===== Listed records =====

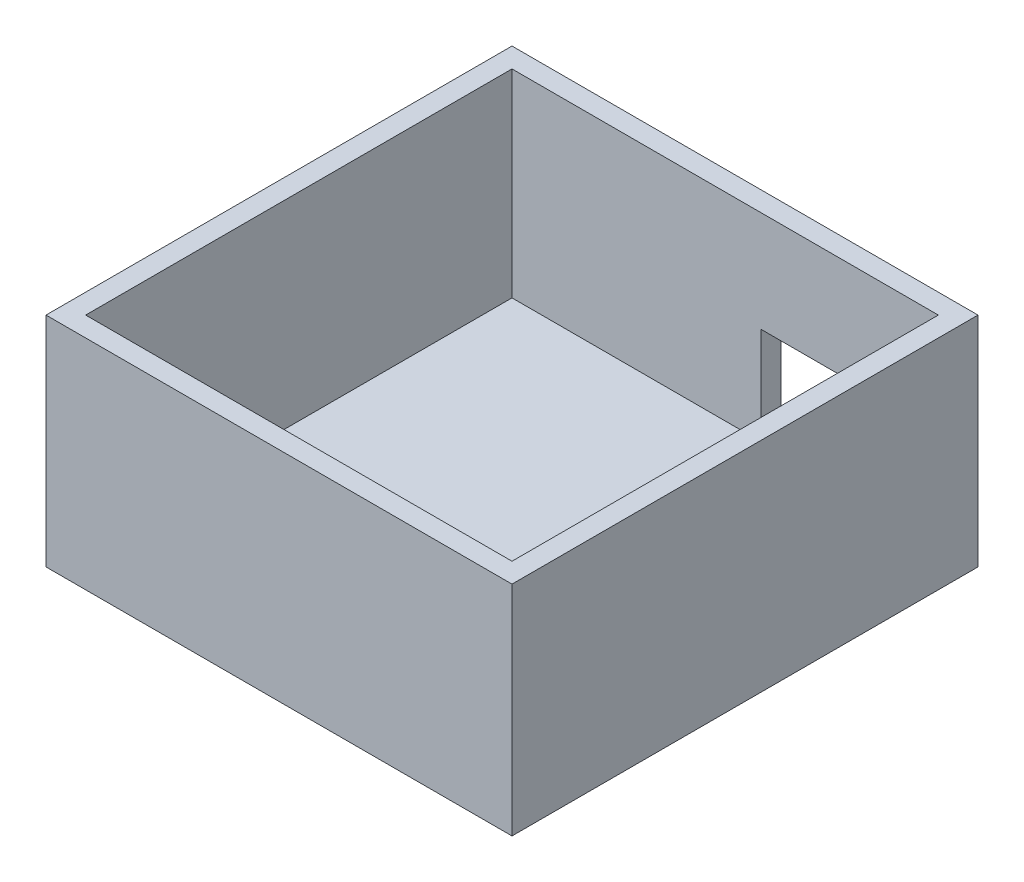
SolidWorks part; units mm, degrees
material "Saf Altın"
ref_plane "Ön Düzlem" through (0, 0, 0) normal (0, 0, 1) x (1, 0, 0)
ref_plane "Üst Düzlem" through (0, 0, 0) normal (0, 1, 0) x (1, 0, 0)
ref_plane "Sağ Düzlem" through (0, 0, 0) normal (1, 0, 0) x (0, 0, -1)
sketch "Çizim2" plane through (0, 0, 0) normal (0, 1, 0) x (1, 0, 0)
  line L0 (-117.5, -112.5) -> (-117.5, -122.5)
  line L1 (-107.5, 102.5) -> (107.5, 102.5)
  line L2 (-107.5, 102.5) -> (-107.5, -112.5)
  line L3 (-107.5, -112.5) -> (107.5, -112.5)
  line L4 (107.5, 102.5) -> (107.5, -112.5)
  line L5 (-107.5, 102.5) -> (107.5, 102.5)
  line L7 (-107.5, 112.5) -> (107.5, 112.5)
  line L10 (-107.5, -112.5) -> (-107.5, 102.5)
  line L11 (-107.5, 112.5) -> (-117.5, 112.5)
  line L12 (-117.5, -112.5) -> (-117.5, 112.5)
  line L13 (-107.5, -112.5) -> (107.5, -112.5)
  line L15 (-107.5, -122.5) -> (107.5, -122.5)
  line L18 (107.5, -112.5) -> (107.5, 102.5)
  line L20 (117.5, -112.5) -> (117.5, 102.5)
  line L21 (-117.5, -122.5) -> (-107.5, -122.5)
  line L22 (107.5, -122.5) -> (117.5, -122.5)
  line L23 (117.5, -122.5) -> (117.5, -112.5)
  line L24 (107.5, 112.5) -> (117.5, 112.5)
  line L25 (117.5, 112.5) -> (117.5, 102.5)
  point P12 (-117.5, 0)
  point P14 (0, 102.5)
  dimension "D1" = 215
  dimension "D2" = 215
  dimension "D3" = 10
  dimension "D4" = 10
  dimension "D5" = 10
  dimension "D6" = 10
extrude "Yükseklik-Ekstrüzyon1" add sketch "Çizim2" along normal blind 100 contours L25 L24 L7 L11 L12 L0 L21 L15 L22 L23 L20 L1 L4 L3 L2
sketch "Çizim3" plane through (0, 0, 0) normal (0, -1, 0) x (1, 0, 0)
  line L1 (-117.5, 122.5) -> (117.5, 122.5)
  line L2 (-117.5, 122.5) -> (-117.5, -112.5)
  line L3 (-117.5, -112.5) -> (117.5, -112.5)
  line L4 (117.5, 122.5) -> (117.5, -112.5)
extrude "Yükseklik-Ekstrüzyon2" add sketch "Çizim3" along normal blind 10
sketch "Çizim5" plane through (0, 0, -112.5) normal (0, 0, -1) x (-1, 0, 0)
  line L1 (-92.875, 49.07) -> (-18.1395, 49.07)
  line L2 (-92.875, 49.07) -> (-92.875, 8.6996)
  line L3 (-92.875, 8.6996) -> (-18.1395, 8.6996)
  line L4 (-18.1395, 49.07) -> (-18.1395, 8.6996)
extrude "Kes-Ekstrüzyon1" cut sketch "Çizim5" against normal up to next

=====

§ Problem description
Would you return the data above exactly as written, minus the images?

§ Response to this task
SolidWorks part; units mm, degrees
material "Saf Altın"
ref_plane "Ön Düzlem" through (0, 0, 0) normal (0, 0, 1) x (1, 0, 0)
ref_plane "Üst Düzlem" through (0, 0, 0) normal (0, 1, 0) x (1, 0, 0)
ref_plane "Sağ Düzlem" through (0, 0, 0) normal (1, 0, 0) x (0, 0, -1)
sketch "Çizim2" plane through (0, 0, 0) normal (0, 1, 0) x (1, 0, 0)
  line L0 (-117.5, -112.5) -> (-117.5, -122.5)
  line L1 (-107.5, 102.5) -> (107.5, 102.5)
  line L2 (-107.5, 102.5) -> (-107.5, -112.5)
  line L3 (-107.5, -112.5) -> (107.5, -112.5)
  line L4 (107.5, 102.5) -> (107.5, -112.5)
  line L5 (-107.5, 102.5) -> (107.5, 102.5)
  line L7 (-107.5, 112.5) -> (107.5, 112.5)
  line L10 (-107.5, -112.5) -> (-107.5, 102.5)
  line L11 (-107.5, 112.5) -> (-117.5, 112.5)
  line L12 (-117.5, -112.5) -> (-117.5, 112.5)
  line L13 (-107.5, -112.5) -> (107.5, -112.5)
  line L15 (-107.5, -122.5) -> (107.5, -122.5)
  line L18 (107.5, -112.5) -> (107.5, 102.5)
  line L20 (117.5, -112.5) -> (117.5, 102.5)
  line L21 (-117.5, -122.5) -> (-107.5, -122.5)
  line L22 (107.5, -122.5) -> (117.5, -122.5)
  line L23 (117.5, -122.5) -> (117.5, -112.5)
  line L24 (107.5, 112.5) -> (117.5, 112.5)
  line L25 (117.5, 112.5) -> (117.5, 102.5)
  point P12 (-117.5, 0)
  point P14 (0, 102.5)
  dimension "D1" = 215
  dimension "D2" = 215
  dimension "D3" = 10
  dimension "D4" = 10
  dimension "D5" = 10
  dimension "D6" = 10
extrude "Yükseklik-Ekstrüzyon1" add sketch "Çizim2" along normal blind 100 contours L25 L24 L7 L11 L12 L0 L21 L15 L22 L23 L20 L1 L4 L3 L2
sketch "Çizim3" plane through (0, 0, 0) normal (0, -1, 0) x (1, 0, 0)
  line L1 (-117.5, 122.5) -> (117.5, 122.5)
  line L2 (-117.5, 122.5) -> (-117.5, -112.5)
  line L3 (-117.5, -112.5) -> (117.5, -112.5)
  line L4 (117.5, 122.5) -> (117.5, -112.5)
extrude "Yükseklik-Ekstrüzyon2" add sketch "Çizim3" along normal blind 10
sketch "Çizim5" plane through (0, 0, -112.5) normal (0, 0, -1) x (-1, 0, 0)
  line L1 (-92.875, 49.07) -> (-18.1395, 49.07)
  line L2 (-92.875, 49.07) -> (-92.875, 8.6996)
  line L3 (-92.875, 8.6996) -> (-18.1395, 8.6996)
  line L4 (-18.1395, 49.07) -> (-18.1395, 8.6996)
extrude "Kes-Ekstrüzyon1" cut sketch "Çizim5" against normal up to next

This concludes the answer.